# Thank You!



## TurboTechRacing (Nov 3, 2010)

Have a K&N intake yet? Another good choice


----------



## dreamsrpainful (Jun 8, 2011)

i have an injen and my exhaust dumps out the rear driverside door


----------



## TurboTechRacing (Nov 3, 2010)

Sweet, any pics?


----------



## boats4life (May 28, 2011)

dreamsrpainful said:


> i have an injen and my exhaust dumps out the rear driverside door


Screw pics, I want video! I'm about to do my flowmaster, but I might just try something like this instead!!!


----------



## dreamsrpainful (Jun 8, 2011)




----------



## boats4life (May 28, 2011)

dreamsrpainful said:


> View attachment 2917


Great looking ride- still very interested in how it sounds! (nice model, too)


----------



## dreamsrpainful (Jun 8, 2011)

thanks dude yea i never thought of a sound clip but i guess ill have to get one and pics


----------



## boats4life (May 28, 2011)

dreamsrpainful said:


> thanks dude yea i never thought of a sound clip but i guess ill have to get one and pics


I already bought my flowmaster, and I planned on installing in the spring... But if this sounds nice, and as long as I can keep it legal in VA, I might do it! Lol


----------



## dreamsrpainful (Jun 8, 2011)

cost was barely anything and its not loud til you get on it, with absolutely no noise resonance while cruising


----------



## boats4life (May 28, 2011)

Is it deep? Or more of a coffee can sound?


----------



## shawn672 (Oct 31, 2010)

boats4life said:


> Is it deep? Or more of a coffee can sound?


It's hard to get a high pitched/coffee can sound with a turbo. Even running an open turbo exhaust side sounds like a huge diesel...


----------



## iKermit (Dec 13, 2010)

dreamsrpainful said:


> View attachment 2917


Pics of girl or GTFO, also is that a car behind her, im distracted.


----------



## boats4life (May 28, 2011)

shawn672 said:


> It's hard to get a high pitched/coffee can sound with a turbo. Even running an open turbo exhaust side sounds like a huge diesel...


I know with most turbo motors that's the case, but in a 1.4?


----------



## shawn672 (Oct 31, 2010)

boats4life said:


> I know with most turbo motors that's the case, but in a 1.4?


yeah same deal. ZZP has a video with a cutout, i think right after the DP and it's still very throaty


----------



## boats4life (May 28, 2011)

I thought about doing a cutout right after the aft cat, just under where the dash is. That would be a sport mode use only thing, though, lol. Have the flowmaster for most of the time with an electronic cutout... I'm gonna have to talk to the shop that's bending my pipes.
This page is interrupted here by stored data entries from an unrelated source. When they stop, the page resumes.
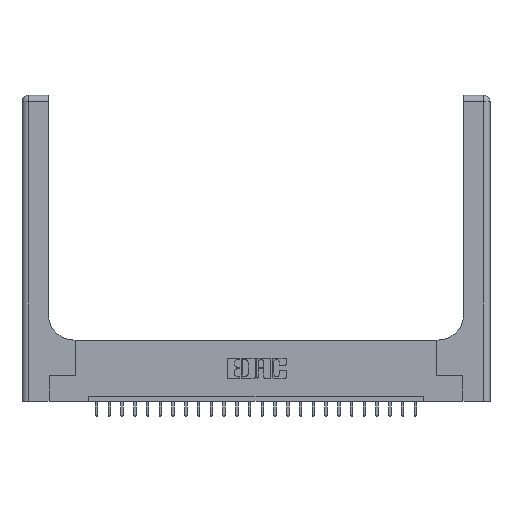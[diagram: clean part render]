
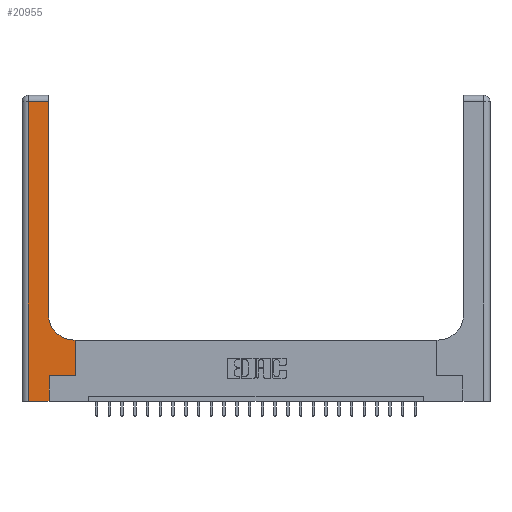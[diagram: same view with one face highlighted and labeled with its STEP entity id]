
A CAD part, top view. The second image highlights one B-rep face of the part: STEP entity #20955.
In plain terms, the highlighted planar face has unit normal (0, 0, 1).
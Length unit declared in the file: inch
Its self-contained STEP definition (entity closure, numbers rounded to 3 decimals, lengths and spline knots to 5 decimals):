
#263 = CARTESIAN_POINT ( 'NONE',  ( 0.528, 0.25, 0.37 ) ) ;
#614 = VECTOR ( 'NONE', #19707, 39.37008 ) ;
#971 = ORIENTED_EDGE ( 'NONE', *, *, #22217, .T. ) ;
#986 = LINE ( 'NONE', #6413, #9450 ) ;
#1242 = ORIENTED_EDGE ( 'NONE', *, *, #17019, .T. ) ;
#2240 = PLANE ( 'NONE',  #18913 ) ;
#2241 = AXIS2_PLACEMENT_3D ( 'NONE', #7886, #15190, #6142 ) ;
#2824 = CARTESIAN_POINT ( 'NONE',  ( 0.265, 0.25, 0.37 ) ) ;
#3140 = EDGE_CURVE ( 'NONE', #19784, #21377, #22454, .T. ) ;
#3541 = CARTESIAN_POINT ( 'NONE',  ( 0.265, 0.25, 0.37 ) ) ;
#3551 = LINE ( 'NONE', #2824, #19140 ) ;
#4072 = DIRECTION ( 'NONE',  ( 0., -1., 0. ) ) ;
#4830 = LINE ( 'NONE', #8903, #10217 ) ;
#4934 = CARTESIAN_POINT ( 'NONE',  ( 0., 2.94, 0.37 ) ) ;
#5122 = CARTESIAN_POINT ( 'NONE',  ( 0.265, 0., 0.37 ) ) ;
#5156 = DIRECTION ( 'NONE',  ( 0., 0., -1. ) ) ;
#5411 = LINE ( 'NONE', #12575, #614 ) ;
#5520 = VERTEX_POINT ( 'NONE', #263 ) ;
#5532 = EDGE_CURVE ( 'NONE', #13027, #19784, #19514, .T. ) ;
#5590 = CARTESIAN_POINT ( 'NONE',  ( 0.06, 2.94, 0.37 ) ) ;
#6142 = DIRECTION ( 'NONE',  ( 1., 0., 0. ) ) ;
#6162 = ORIENTED_EDGE ( 'NONE', *, *, #5532, .T. ) ;
#6413 = CARTESIAN_POINT ( 'NONE',  ( 0.26, 0.6, 0.37 ) ) ;
#6821 = CIRCLE ( 'NONE', #2241, 0.25 ) ;
#7548 = CARTESIAN_POINT ( 'NONE',  ( 0.26, 3., 0.37 ) ) ;
#7772 = VECTOR ( 'NONE', #14043, 39.37008 ) ;
#7878 = CARTESIAN_POINT ( 'NONE',  ( 0.06, 3., 0.37 ) ) ;
#7886 = CARTESIAN_POINT ( 'NONE',  ( 0.51, 0.85, 0.37 ) ) ;
#7975 = VECTOR ( 'NONE', #17469, 39.37008 ) ;
#8075 = FACE_OUTER_BOUND ( 'NONE', #22554, .T. ) ;
#8388 = VERTEX_POINT ( 'NONE', #19919 ) ;
#8903 = CARTESIAN_POINT ( 'NONE',  ( 0.265, 0., 0.37 ) ) ;
#9372 = DIRECTION ( 'NONE',  ( 0., 1., 0. ) ) ;
#9450 = VECTOR ( 'NONE', #19098, 39.37008 ) ;
#9657 = CARTESIAN_POINT ( 'NONE',  ( 0.26, 2.94, 0.37 ) ) ;
#10217 = VECTOR ( 'NONE', #19773, 39.37008 ) ;
#10735 = CARTESIAN_POINT ( 'NONE',  ( 0.26, 0.85, 0.37 ) ) ;
#10747 = VERTEX_POINT ( 'NONE', #5122 ) ;
#11623 = CARTESIAN_POINT ( 'NONE',  ( 0.528, 0.6, 0.37 ) ) ;
#12021 = VERTEX_POINT ( 'NONE', #11623 ) ;
#12166 = CARTESIAN_POINT ( 'NONE',  ( 0.06, 0., 0.37 ) ) ;
#12203 = DIRECTION ( 'NONE',  ( -1., 0., 0. ) ) ;
#12253 = EDGE_CURVE ( 'NONE', #8388, #13027, #6821, .T. ) ;
#12575 = CARTESIAN_POINT ( 'NONE',  ( 0., 0., 0.37 ) ) ;
#12613 = LINE ( 'NONE', #21248, #7772 ) ;
#13027 = VERTEX_POINT ( 'NONE', #10735 ) ;
#13551 = ORIENTED_EDGE ( 'NONE', *, *, #18796, .T. ) ;
#14002 = ORIENTED_EDGE ( 'NONE', *, *, #3140, .T. ) ;
#14043 = DIRECTION ( 'NONE',  ( 0., 1., 0. ) ) ;
#14891 = EDGE_CURVE ( 'NONE', #12021, #8388, #986, .T. ) ;
#15190 = DIRECTION ( 'NONE',  ( 0., 0., -1. ) ) ;
#15337 = DIRECTION ( 'NONE',  ( 1., 0., 0. ) ) ;
#16779 = ORIENTED_EDGE ( 'NONE', *, *, #12253, .T. ) ;
#17019 = EDGE_CURVE ( 'NONE', #10747, #21136, #4830, .T. ) ;
#17195 = ORIENTED_EDGE ( 'NONE', *, *, #19447, .T. ) ;
#17241 = VECTOR ( 'NONE', #9372, 39.37008 ) ;
#17469 = DIRECTION ( 'NONE',  ( -1., 0., 0. ) ) ;
#18484 = VECTOR ( 'NONE', #4072, 39.37008 ) ;
#18796 = EDGE_CURVE ( 'NONE', #21136, #5520, #3551, .T. ) ;
#18913 = AXIS2_PLACEMENT_3D ( 'NONE', #20075, #5156, #12203 ) ;
#19098 = DIRECTION ( 'NONE',  ( -1., 0., 0. ) ) ;
#19140 = VECTOR ( 'NONE', #15337, 39.37008 ) ;
#19447 = EDGE_CURVE ( 'NONE', #5520, #12021, #12613, .T. ) ;
#19514 = LINE ( 'NONE', #7548, #17241 ) ;
#19707 = DIRECTION ( 'NONE',  ( 1., 0., 0. ) ) ;
#19773 = DIRECTION ( 'NONE',  ( 0., 1., 0. ) ) ;
#19784 = VERTEX_POINT ( 'NONE', #9657 ) ;
#19919 = CARTESIAN_POINT ( 'NONE',  ( 0.51, 0.6, 0.37 ) ) ;
#19927 = LINE ( 'NONE', #7878, #18484 ) ;
#20075 = CARTESIAN_POINT ( 'NONE',  ( 0., 3., 0.37 ) ) ;
#20955 = ADVANCED_FACE ( 'NONE', ( #8075 ), #2240, .F. ) ;
#21136 = VERTEX_POINT ( 'NONE', #3541 ) ;
#21248 = CARTESIAN_POINT ( 'NONE',  ( 0.528, 0.25, 0.37 ) ) ;
#21377 = VERTEX_POINT ( 'NONE', #5590 ) ;
#22217 = EDGE_CURVE ( 'NONE', #21377, #23473, #19927, .T. ) ;
#22220 = ORIENTED_EDGE ( 'NONE', *, *, #22954, .T. ) ;
#22282 = ORIENTED_EDGE ( 'NONE', *, *, #14891, .T. ) ;
#22454 = LINE ( 'NONE', #4934, #7975 ) ;
#22554 = EDGE_LOOP ( 'NONE', ( #6162, #14002, #971, #22220, #1242, #13551, #17195, #22282, #16779 ) ) ;
#22954 = EDGE_CURVE ( 'NONE', #23473, #10747, #5411, .T. ) ;
#23473 = VERTEX_POINT ( 'NONE', #12166 ) ;

HAHA!


----------



## Macman (May 4, 2011)

Heck, my stock cruze sounds a litle throaty when I step on it in cool weather, but it's getting a cold air intake very soon.


----------



## dreamsrpainful (Jun 8, 2011)

yea mines throaty and when its in full boost sounds like an exhaust cutout/dump, i love it and so does everyone who hears it.


----------